# Rampar?



## revmonkey (Apr 16, 2006)

i have an old-school roadie hanging up in my garage... all it says is rampar. it's got a double crankset, but no FD, and the shifters are mounted on the frame itself. does anyone know anything about this bike? i will try to get pictures soon.


----------



## MB1 (Jan 27, 2004)

*Ra*leigh *M*ade and Ap*pr*oved = RAMPAR

I am not sure where they got that final "A" but it was a low end Raleigh made in Taiwan about the time that Raleigh of England (early to mid '70s as I recall) started to shut down and Raleigh of America needed some low end bikes.

Even for the time they were pretty low quality. About the least expensive thing a bike shop would carry.


----------



## revmonkey (Apr 16, 2006)

so in other words its a piece and i might as well just toss it?


----------



## Straightblock (Jan 30, 2004)

*MB1 nailed it*



MB1 said:


> *Ra*leigh *M*ade and Ap*pr*oved = RAMPAR
> 
> Even for the time they were pretty low quality. About the least expensive thing a bike shop would carry.


It was Raleigh's feeble attempt to keep a sub-$100 "ten speed" in their line when the Record and Grand Prix got too pricey for the entry-level crowd. Chainrings that couldn't be straightened, scarey flexy brakes, steel rims that were so poorly made there was no way to true the wheels, which made the brakes even worse.

Don't put any money into it. If the tires hold air, use it to return movies to Blockbuster on rainy days, or just donate it to Goodwill if it's rideable.


----------



## MB1 (Jan 27, 2004)

*Oh, I don't know.*



revmonkey said:


> so in other words its a piece and i might as well just toss it?


It is kind of a sled but seems to me it would make a perfectly good town bike/fixte. Just don't think it is ever going to be a performance bike or anything valuable.


----------



## JCavilia (Sep 12, 2005)

*Depends,*



revmonkey said:


> so in other words its a piece and i might as well just toss it?


on what you're looking for. I found one for $5 at a garage sale and made it into a great fixie that I ride a lot. It's a low-end frame, but not complete junk like the typical department store bike.

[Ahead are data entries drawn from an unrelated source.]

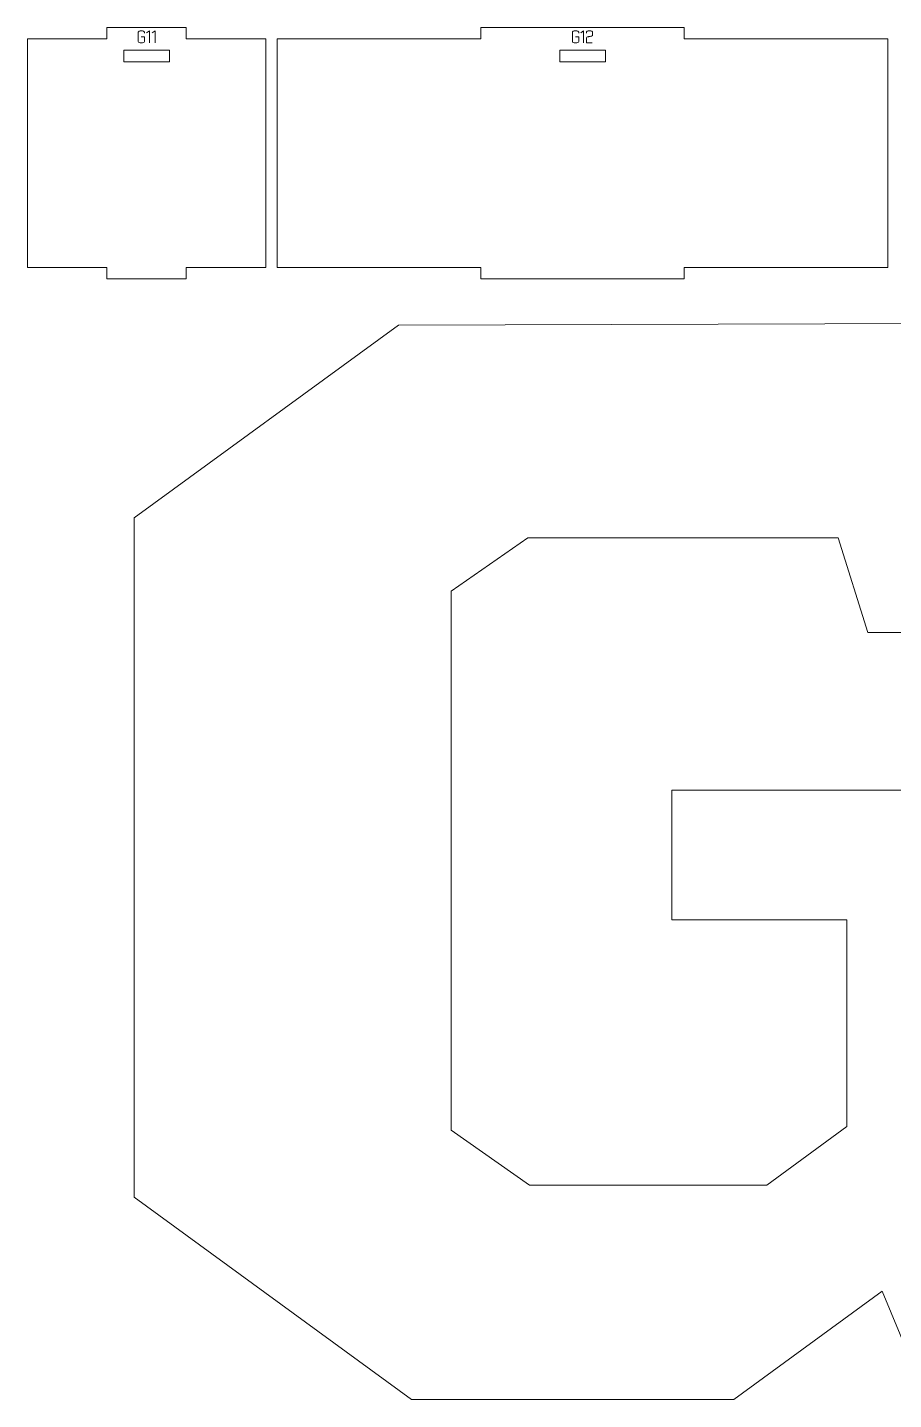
# Model space of a CAD drawing. Header units: centimetres. Extents: x -250 to 250, y -508 to 508.
# Drawn here: x -162.28 to -139.53, y -108.95 to -72.93 of the extents above; entities that cross this region are included whole.
import ezdxf

# ---------------------------------------------------------------- set-up
doc = ezdxf.new("R2010")
doc.units = ezdxf.units.CM
doc.header["$MEASUREMENT"] = 0
doc.layers.add('Capa 1', color=7, linetype='Continuous')

msp = doc.modelspace()

# ---------------------------------------------------------------- hatches: boundary and pattern name
at = {"layer": 'Capa 1', "true_color": 0x3e4095}
h = msp.add_hatch(color=175, dxfattribs=at)
edge = h.paths.add_edge_path()
edge.add_spline(control_points=[(-159.20838, -73.29819), (-159.20838, -73.30797), (-159.21625, -73.3163), (-159.232, -73.32318), (-159.24774, -73.33006), (-159.26739, -73.3335), (-159.29093, -73.3335), (-159.31447, -73.3335), (-159.33412, -73.33006), (-159.34986, -73.32318), (-159.36561, -73.3163), (-159.37348, -73.30797), (-159.37348, -73.29819), (-159.37348, -73.29819), (-159.37348, -73.05237), (-159.37348, -73.05237), (-159.37348, -73.04259), (-159.36561, -73.03426), (-159.34986, -73.02738), (-159.33412, -73.0205), (-159.31447, -73.01706), (-159.29093, -73.01706), (-159.26739, -73.01706), (-159.24774, -73.0205), (-159.232, -73.02738), (-159.21625, -73.03426), (-159.20838, -73.04259), (-159.20838, -73.05237), (-159.20838, -73.05237), (-159.20838, -73.07484), (-159.20838, -73.07484), (-159.20838, -73.07484), (-159.20838, -73.05237), (-159.20838, -73.05237), (-159.20838, -73.04259), (-159.21625, -73.03426), (-159.232, -73.02738), (-159.24774, -73.0205), (-159.26739, -73.01706), (-159.29093, -73.01706), (-159.31447, -73.01706), (-159.33412, -73.0205), (-159.34986, -73.02738), (-159.36561, -73.03426), (-159.37348, -73.04259), (-159.37348, -73.05237), (-159.37348, -73.05237), (-159.37348, -73.29819), (-159.37348, -73.29819), (-159.37348, -73.30797), (-159.36561, -73.3163), (-159.34986, -73.32318), (-159.33412, -73.33006), (-159.31447, -73.3335), (-159.29093, -73.3335), (-159.26739, -73.3335), (-159.24774, -73.33006), (-159.232, -73.32318), (-159.21625, -73.3163), (-159.20838, -73.30797), (-159.20838, -73.29819), (-159.20838, -73.29819), (-159.20838, -73.17528), (-159.20838, -73.17528), (-159.20838, -73.17528), (-159.29001, -73.17528), (-159.29001, -73.17528), (-159.29001, -73.17528), (-159.20838, -73.17528), (-159.20838, -73.17528), (-159.20838, -73.17528), (-159.20838, -73.29819), (-159.20838, -73.29819)], knot_values=[0, 0, 0, 0, 0.04166667, 0.04166667, 0.04166667, 0.08333333, 0.08333333, 0.08333333, 0.125, 0.125, 0.125, 0.16666667, 0.16666667, 0.16666667, 0.20833333, 0.20833333, 0.20833333, 0.25, 0.25, 0.25, 0.29166667, 0.29166667, 0.29166667, 0.33333333, 0.33333333, 0.33333333, 0.375, 0.375, 0.375, 0.41666667, 0.41666667, 0.41666667, 0.45833333, 0.45833333, 0.45833333, 0.5, 0.5, 0.5, 0.54166667, 0.54166667, 0.54166667, 0.58333333, 0.58333333, 0.58333333, 0.625, 0.625, 0.625, 0.66666667, 0.66666667, 0.66666667, 0.70833333, 0.70833333, 0.70833333, 0.75, 0.75, 0.75, 0.79166667, 0.79166667, 0.79166667, 0.83333333, 0.83333333, 0.83333333, 0.875, 0.875, 0.875, 0.91666667, 0.91666667, 0.91666667, 0.95833333, 0.95833333, 0.95833333, 1, 1, 1, 1], degree=3, periodic=1)
h = msp.add_hatch(color=175, dxfattribs=at)
edge = h.paths.add_edge_path()
edge.add_spline(control_points=[(-159.07722, -73.0166), (-159.07722, -73.0166), (-159.15335, -73.06934), (-159.15335, -73.06934), (-159.15335, -73.06934), (-159.07722, -73.0166), (-159.07722, -73.0166), (-159.07722, -73.0166), (-159.07722, -73.3335), (-159.07722, -73.3335), (-159.07722, -73.3335), (-159.07722, -73.0166), (-159.07722, -73.0166)], knot_values=[0, 0, 0, 0, 0.25, 0.25, 0.25, 0.5, 0.5, 0.5, 0.75, 0.75, 0.75, 1, 1, 1, 1], degree=3, periodic=1)
h = msp.add_hatch(color=175, dxfattribs=at)
edge = h.paths.add_edge_path()
edge.add_spline(control_points=[(-158.93046, -73.0166), (-158.93046, -73.0166), (-159.00659, -73.06934), (-159.00659, -73.06934), (-159.00659, -73.06934), (-158.93046, -73.0166), (-158.93046, -73.0166), (-158.93046, -73.0166), (-158.93046, -73.3335), (-158.93046, -73.3335), (-158.93046, -73.3335), (-158.93046, -73.0166), (-158.93046, -73.0166)], knot_values=[0, 0, 0, 0, 0.25, 0.25, 0.25, 0.5, 0.5, 0.5, 0.75, 0.75, 0.75, 1, 1, 1, 1], degree=3, periodic=1)
h = msp.add_hatch(color=175, dxfattribs=at)
edge = h.paths.add_edge_path()
edge.add_spline(control_points=[(-147.79923, -73.29819), (-147.79923, -73.30797), (-147.8071, -73.3163), (-147.82285, -73.32318), (-147.83859, -73.33006), (-147.85824, -73.3335), (-147.88178, -73.3335), (-147.90532, -73.3335), (-147.92497, -73.33006), (-147.94071, -73.32318), (-147.95646, -73.3163), (-147.96433, -73.30797), (-147.96433, -73.29819), (-147.96433, -73.29819), (-147.96433, -73.05237), (-147.96433, -73.05237), (-147.96433, -73.04259), (-147.95646, -73.03426), (-147.94071, -73.02738), (-147.92497, -73.0205), (-147.90532, -73.01706), (-147.88178, -73.01706), (-147.85824, -73.01706), (-147.83859, -73.0205), (-147.82285, -73.02738), (-147.8071, -73.03426), (-147.79923, -73.04259), (-147.79923, -73.05237), (-147.79923, -73.05237), (-147.79923, -73.07484), (-147.79923, -73.07484), (-147.79923, -73.07484), (-147.79923, -73.05237), (-147.79923, -73.05237), (-147.79923, -73.04259), (-147.8071, -73.03426), (-147.82285, -73.02738), (-147.83859, -73.0205), (-147.85824, -73.01706), (-147.88178, -73.01706), (-147.90532, -73.01706), (-147.92497, -73.0205), (-147.94071, -73.02738), (-147.95646, -73.03426), (-147.96433, -73.04259), (-147.96433, -73.05237), (-147.96433, -73.05237), (-147.96433, -73.29819), (-147.96433, -73.29819), (-147.96433, -73.30797), (-147.95646, -73.3163), (-147.94071, -73.32318), (-147.92497, -73.33006), (-147.90532, -73.3335), (-147.88178, -73.3335), (-147.85824, -73.3335), (-147.83859, -73.33006), (-147.82285, -73.32318), (-147.8071, -73.3163), (-147.79923, -73.30797), (-147.79923, -73.29819), (-147.79923, -73.29819), (-147.79923, -73.17528), (-147.79923, -73.17528), (-147.79923, -73.17528), (-147.88086, -73.17528), (-147.88086, -73.17528), (-147.88086, -73.17528), (-147.79923, -73.17528), (-147.79923, -73.17528), (-147.79923, -73.17528), (-147.79923, -73.29819), (-147.79923, -73.29819)], knot_values=[0, 0, 0, 0, 0.04166667, 0.04166667, 0.04166667, 0.08333333, 0.08333333, 0.08333333, 0.125, 0.125, 0.125, 0.16666667, 0.16666667, 0.16666667, 0.20833333, 0.20833333, 0.20833333, 0.25, 0.25, 0.25, 0.29166667, 0.29166667, 0.29166667, 0.33333333, 0.33333333, 0.33333333, 0.375, 0.375, 0.375, 0.41666667, 0.41666667, 0.41666667, 0.45833333, 0.45833333, 0.45833333, 0.5, 0.5, 0.5, 0.54166667, 0.54166667, 0.54166667, 0.58333333, 0.58333333, 0.58333333, 0.625, 0.625, 0.625, 0.66666667, 0.66666667, 0.66666667, 0.70833333, 0.70833333, 0.70833333, 0.75, 0.75, 0.75, 0.79166667, 0.79166667, 0.79166667, 0.83333333, 0.83333333, 0.83333333, 0.875, 0.875, 0.875, 0.91666667, 0.91666667, 0.91666667, 0.95833333, 0.95833333, 0.95833333, 1, 1, 1, 1], degree=3, periodic=1)
h = msp.add_hatch(color=175, dxfattribs=at)
edge = h.paths.add_edge_path()
edge.add_spline(control_points=[(-147.66807, -73.0166), (-147.66807, -73.0166), (-147.7442, -73.06934), (-147.7442, -73.06934), (-147.7442, -73.06934), (-147.66807, -73.0166), (-147.66807, -73.0166), (-147.66807, -73.0166), (-147.66807, -73.3335), (-147.66807, -73.3335), (-147.66807, -73.3335), (-147.66807, -73.0166), (-147.66807, -73.0166)], knot_values=[0, 0, 0, 0, 0.25, 0.25, 0.25, 0.5, 0.5, 0.5, 0.75, 0.75, 0.75, 1, 1, 1, 1], degree=3, periodic=1)
h = msp.add_hatch(color=175, dxfattribs=at)
edge = h.paths.add_edge_path()
edge.add_spline(control_points=[(-147.5979, -73.3335), (-147.5979, -73.3335), (-147.5979, -73.20096), (-147.5979, -73.20096), (-147.59698, -73.18904), (-147.58613, -73.17987), (-147.56534, -73.17345), (-147.55678, -73.17283), (-147.5486, -73.17184), (-147.5408, -73.17046), (-147.53301, -73.16909), (-147.52513, -73.16764), (-147.51718, -73.16611), (-147.50251, -73.16366), (-147.49127, -73.16167), (-147.48348, -73.16015), (-147.47568, -73.15862), (-147.46811, -73.15663), (-147.46077, -73.15418), (-147.44182, -73.14715), (-147.43234, -73.13813), (-147.43234, -73.12713), (-147.43234, -73.12713), (-147.43234, -73.05237), (-147.43234, -73.05237), (-147.43234, -73.04259), (-147.44021, -73.03426), (-147.45596, -73.02738), (-147.4717, -73.0205), (-147.49135, -73.01706), (-147.51489, -73.01706), (-147.53843, -73.01706), (-147.55808, -73.0205), (-147.57382, -73.02738), (-147.58957, -73.03426), (-147.59744, -73.04259), (-147.59744, -73.05237), (-147.59744, -73.05237), (-147.59744, -73.07484), (-147.59744, -73.07484), (-147.59744, -73.07484), (-147.59744, -73.05237), (-147.59744, -73.05237), (-147.59744, -73.04259), (-147.58957, -73.03426), (-147.57382, -73.02738), (-147.55808, -73.0205), (-147.53843, -73.01706), (-147.51489, -73.01706), (-147.49135, -73.01706), (-147.4717, -73.0205), (-147.45596, -73.02738), (-147.44021, -73.03426), (-147.43234, -73.04259), (-147.43234, -73.05237), (-147.43234, -73.05237), (-147.43234, -73.12713), (-147.43234, -73.12713), (-147.43234, -73.13813), (-147.44182, -73.14715), (-147.46077, -73.15418), (-147.46811, -73.15663), (-147.47568, -73.15862), (-147.48348, -73.16015), (-147.49127, -73.16167), (-147.50251, -73.16366), (-147.51718, -73.16611), (-147.52513, -73.16764), (-147.53301, -73.16909), (-147.5408, -73.17046), (-147.5486, -73.17184), (-147.55678, -73.17283), (-147.56534, -73.17345), (-147.58613, -73.17987), (-147.59698, -73.18904), (-147.5979, -73.20096), (-147.5979, -73.20096), (-147.5979, -73.3335), (-147.5979, -73.3335), (-147.5979, -73.3335), (-147.44105, -73.3335), (-147.44105, -73.3335), (-147.44105, -73.3335), (-147.5979, -73.3335), (-147.5979, -73.3335)], knot_values=[0, 0, 0, 0, 0.03571429, 0.03571429, 0.03571429, 0.07142857, 0.07142857, 0.07142857, 0.10714286, 0.10714286, 0.10714286, 0.14285714, 0.14285714, 0.14285714, 0.17857143, 0.17857143, 0.17857143, 0.21428571, 0.21428571, 0.21428571, 0.25, 0.25, 0.25, 0.28571429, 0.28571429, 0.28571429, 0.32142857, 0.32142857, 0.32142857, 0.35714286, 0.35714286, 0.35714286, 0.39285714, 0.39285714, 0.39285714, 0.42857143, 0.42857143, 0.42857143, 0.46428571, 0.46428571, 0.46428571, 0.5, 0.5, 0.5, 0.53571429, 0.53571429, 0.53571429, 0.57142857, 0.57142857, 0.57142857, 0.60714286, 0.60714286, 0.60714286, 0.64285714, 0.64285714, 0.64285714, 0.67857143, 0.67857143, 0.67857143, 0.71428571, 0.71428571, 0.71428571, 0.75, 0.75, 0.75, 0.78571429, 0.78571429, 0.78571429, 0.82142857, 0.82142857, 0.82142857, 0.85714286, 0.85714286, 0.85714286, 0.89285714, 0.89285714, 0.89285714, 0.92857143, 0.92857143, 0.92857143, 0.96428571, 0.96428571, 0.96428571, 1, 1, 1, 1], degree=3, periodic=1)

# ---------------------------------------------------------------- linework, layer by layer
at = {"layer": 'Capa 1', "color": 240, "lineweight": 9}
for points, knots in [([(-162.28276, -73.2271), (-162.28276, -73.2271), (-162.28276, -79.2271), (-162.28276, -79.2271), (-162.28276, -79.2271), (-160.19557, -79.2271), (-160.19557, -79.2271), (-160.19557, -79.2271), (-160.19557, -79.5271), (-160.19557, -79.5271), (-160.19557, -79.5271), (-158.10838, -79.5271), (-158.10838, -79.5271), (-158.10838, -79.5271), (-158.10838, -79.2271), (-158.10838, -79.2271), (-158.10838, -79.2271), (-156.02119, -79.2271), (-156.02119, -79.2271), (-156.02119, -79.2271), (-156.02119, -73.2271), (-156.02119, -73.2271), (-156.02119, -73.2271), (-158.10838, -73.2271), (-158.10838, -73.2271), (-158.10838, -73.2271), (-158.10838, -72.9271), (-158.10838, -72.9271), (-158.10838, -72.9271), (-160.19557, -72.9271), (-160.19557, -72.9271), (-160.19557, -72.9271), (-160.19557, -73.2271), (-160.19557, -73.2271), (-160.19557, -73.2271), (-162.28276, -73.2271), (-162.28276, -73.2271)], [0, 0, 0, 0, 0.08333333, 0.08333333, 0.08333333, 0.16666667, 0.16666667, 0.16666667, 0.25, 0.25, 0.25, 0.33333333, 0.33333333, 0.33333333, 0.41666667, 0.41666667, 0.41666667, 0.5, 0.5, 0.5, 0.58333333, 0.58333333, 0.58333333, 0.66666667, 0.66666667, 0.66666667, 0.75, 0.75, 0.75, 0.83333333, 0.83333333, 0.83333333, 0.91666667, 0.91666667, 0.91666667, 1, 1, 1, 1]), ([(-155.72119, -73.2271), (-155.72119, -73.2271), (-155.72119, -79.2271), (-155.72119, -79.2271), (-155.72119, -79.2271), (-150.37262, -79.2271), (-150.37262, -79.2271), (-150.37262, -79.2271), (-150.37262, -79.5271), (-150.37262, -79.5271), (-150.37262, -79.5271), (-145.02405, -79.5271), (-145.02405, -79.5271), (-145.02405, -79.5271), (-145.02405, -79.2271), (-145.02405, -79.2271), (-145.02405, -79.2271), (-139.67548, -79.2271), (-139.67548, -79.2271), (-139.67548, -79.2271), (-139.67548, -73.2271), (-139.67548, -73.2271), (-139.67548, -73.2271), (-145.02405, -73.2271), (-145.02405, -73.2271), (-145.02405, -73.2271), (-145.02405, -72.9271), (-145.02405, -72.9271), (-145.02405, -72.9271), (-150.37262, -72.9271), (-150.37262, -72.9271), (-150.37262, -72.9271), (-150.37262, -73.2271), (-150.37262, -73.2271), (-150.37262, -73.2271), (-155.72119, -73.2271), (-155.72119, -73.2271)], [0, 0, 0, 0, 0.08333333, 0.08333333, 0.08333333, 0.16666667, 0.16666667, 0.16666667, 0.25, 0.25, 0.25, 0.33333333, 0.33333333, 0.33333333, 0.41666667, 0.41666667, 0.41666667, 0.5, 0.5, 0.5, 0.58333333, 0.58333333, 0.58333333, 0.66666667, 0.66666667, 0.66666667, 0.75, 0.75, 0.75, 0.83333333, 0.83333333, 0.83333333, 0.91666667, 0.91666667, 0.91666667, 1, 1, 1, 1]), ([(-159.75197, -73.527), (-159.75197, -73.527), (-158.55197, -73.527), (-158.55197, -73.527), (-158.55197, -73.527), (-158.55197, -73.827), (-158.55197, -73.827), (-158.55197, -73.827), (-159.75197, -73.827), (-159.75197, -73.827), (-159.75197, -73.827), (-159.75197, -73.527), (-159.75197, -73.527)], [0, 0, 0, 0, 0.25, 0.25, 0.25, 0.5, 0.5, 0.5, 0.75, 0.75, 0.75, 1, 1, 1, 1]), ([(-148.29833, -73.527), (-148.29833, -73.527), (-147.09833, -73.527), (-147.09833, -73.527), (-147.09833, -73.527), (-147.09833, -73.827), (-147.09833, -73.827), (-147.09833, -73.827), (-148.29833, -73.827), (-148.29833, -73.827), (-148.29833, -73.827), (-148.29833, -73.527), (-148.29833, -73.527)], [0, 0, 0, 0, 0.25, 0.25, 0.25, 0.5, 0.5, 0.5, 0.75, 0.75, 0.75, 1, 1, 1, 1])]:
    msp.add_open_spline(points, degree=3, knots=knots, dxfattribs=at)
at = {"layer": 'Capa 1', "color": 114, "lineweight": 9}
for points, knots in [([(-159.20838, -73.29819), (-159.20838, -73.30797), (-159.21625, -73.3163), (-159.232, -73.32318), (-159.24774, -73.33006), (-159.26739, -73.3335), (-159.29093, -73.3335), (-159.31447, -73.3335), (-159.33412, -73.33006), (-159.34986, -73.32318), (-159.36561, -73.3163), (-159.37348, -73.30797), (-159.37348, -73.29819), (-159.37348, -73.29819), (-159.37348, -73.05237), (-159.37348, -73.05237), (-159.37348, -73.04259), (-159.36561, -73.03426), (-159.34986, -73.02738), (-159.33412, -73.0205), (-159.31447, -73.01706), (-159.29093, -73.01706), (-159.26739, -73.01706), (-159.24774, -73.0205), (-159.232, -73.02738), (-159.21625, -73.03426), (-159.20838, -73.04259), (-159.20838, -73.05237), (-159.20838, -73.05237), (-159.20838, -73.07484), (-159.20838, -73.07484), (-159.20838, -73.07484), (-159.20838, -73.05237), (-159.20838, -73.05237), (-159.20838, -73.04259), (-159.21625, -73.03426), (-159.232, -73.02738), (-159.24774, -73.0205), (-159.26739, -73.01706), (-159.29093, -73.01706), (-159.31447, -73.01706), (-159.33412, -73.0205), (-159.34986, -73.02738), (-159.36561, -73.03426), (-159.37348, -73.04259), (-159.37348, -73.05237), (-159.37348, -73.05237), (-159.37348, -73.29819), (-159.37348, -73.29819), (-159.37348, -73.30797), (-159.36561, -73.3163), (-159.34986, -73.32318), (-159.33412, -73.33006), (-159.31447, -73.3335), (-159.29093, -73.3335), (-159.26739, -73.3335), (-159.24774, -73.33006), (-159.232, -73.32318), (-159.21625, -73.3163), (-159.20838, -73.30797), (-159.20838, -73.29819), (-159.20838, -73.29819), (-159.20838, -73.17528), (-159.20838, -73.17528), (-159.20838, -73.17528), (-159.29001, -73.17528), (-159.29001, -73.17528), (-159.29001, -73.17528), (-159.20838, -73.17528), (-159.20838, -73.17528), (-159.20838, -73.17528), (-159.20838, -73.29819), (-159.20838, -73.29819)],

If it's not beat up somebody may be able to use it.

BTW, I always understood that RAMPAR originally stood for *R*aleigh of *AM*erica *PAR*ts, and the name was first used for accessories sold in shops that carried Raleigh, and was later applied to the Taiwan-made bikes when Raleigh wouldn't let R of Am use the Raleigh name for bikes made outside England.


----------



## revmonkey (Apr 16, 2006)

cavilia, maxing it a fixie might be a project i'm interested in undertaking. do you have any buildups you could show me?


----------



## fbagatelleblack (Mar 31, 2005)

revmonkey said:


> so in other words its a piece and i might as well just toss it?


STOP! Don't do anything rash!! Toss a bike... what a strange concept...

It sounds like this could have "standard" threading on most stuff. Can anyone confirm or deny?

Steps to Fixiedom:

1. Strip 'er down
2. Put most of the stuff in a box to store in a forgotten corner of your attic. Save the front brake and related hardware. Save one chainring. I'd recommend the small one.
3. Go to a bike shop and buy a cog. chain and tubes
4. Go to Walmart and buy new tires for $8/ea (Walmart tubes suck. Stay away from them)
5. Clean everything up and put it back together.
6. Ride the snaught out of it.

Inspiration:

http://www.cyclofiend.com/ssg/

Pay close attention to the fixies made from cheap old road bikes. They are my favorites.

HAVE FUN WITH THE PROJECT!

- FBB


----------